*What you should do:* Look below for the line containing "2024-01-20 Add ESPHome". Reproduce it and every line after it exactly, and nothing more.

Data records
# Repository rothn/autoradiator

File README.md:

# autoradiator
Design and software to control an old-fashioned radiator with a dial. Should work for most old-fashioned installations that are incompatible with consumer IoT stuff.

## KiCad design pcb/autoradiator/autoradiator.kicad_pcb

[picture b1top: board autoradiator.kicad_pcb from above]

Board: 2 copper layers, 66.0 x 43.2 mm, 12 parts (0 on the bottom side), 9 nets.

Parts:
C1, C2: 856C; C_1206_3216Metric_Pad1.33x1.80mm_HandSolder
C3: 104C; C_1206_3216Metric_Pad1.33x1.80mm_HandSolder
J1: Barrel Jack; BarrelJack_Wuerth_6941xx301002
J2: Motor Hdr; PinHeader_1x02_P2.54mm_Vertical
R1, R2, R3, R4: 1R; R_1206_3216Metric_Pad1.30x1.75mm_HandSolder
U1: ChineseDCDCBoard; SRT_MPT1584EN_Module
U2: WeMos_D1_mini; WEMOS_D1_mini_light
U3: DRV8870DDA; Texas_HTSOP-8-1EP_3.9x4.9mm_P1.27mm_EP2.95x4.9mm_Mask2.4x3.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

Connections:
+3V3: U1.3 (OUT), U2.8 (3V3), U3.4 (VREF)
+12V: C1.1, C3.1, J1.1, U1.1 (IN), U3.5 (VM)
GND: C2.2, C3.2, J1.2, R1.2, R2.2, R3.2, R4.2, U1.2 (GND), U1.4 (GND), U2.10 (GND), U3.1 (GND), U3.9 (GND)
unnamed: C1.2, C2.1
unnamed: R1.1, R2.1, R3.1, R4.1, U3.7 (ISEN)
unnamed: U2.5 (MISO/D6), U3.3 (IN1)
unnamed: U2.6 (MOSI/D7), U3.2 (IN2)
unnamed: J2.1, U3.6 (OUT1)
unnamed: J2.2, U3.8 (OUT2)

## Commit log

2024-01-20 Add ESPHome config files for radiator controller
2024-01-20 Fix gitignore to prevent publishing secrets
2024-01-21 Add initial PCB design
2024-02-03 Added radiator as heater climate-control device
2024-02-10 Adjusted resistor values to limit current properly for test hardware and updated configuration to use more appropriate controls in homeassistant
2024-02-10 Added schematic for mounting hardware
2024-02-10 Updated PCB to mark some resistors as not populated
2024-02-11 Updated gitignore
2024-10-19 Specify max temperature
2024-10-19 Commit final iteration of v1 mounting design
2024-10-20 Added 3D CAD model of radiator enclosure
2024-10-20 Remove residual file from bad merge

*Reply:*
2024-01-20 Add ESPHome config files for radiator controller
2024-01-20 Fix gitignore to prevent publishing secrets
2024-01-21 Add initial PCB design
2024-02-03 Added radiator as heater climate-control device
2024-02-10 Adjusted resistor values to limit current properly for test hardware and updated configuration to use more appropriate controls in homeassistant
2024-02-10 Added schematic for mounting hardware
2024-02-10 Updated PCB to mark some resistors as not populated
2024-02-11 Updated gitignore
2024-10-19 Specify max temperature
2024-10-19 Commit final iteration of v1 mounting design
2024-10-20 Added 3D CAD model of radiator enclosure
2024-10-20 Remove residual file from bad merge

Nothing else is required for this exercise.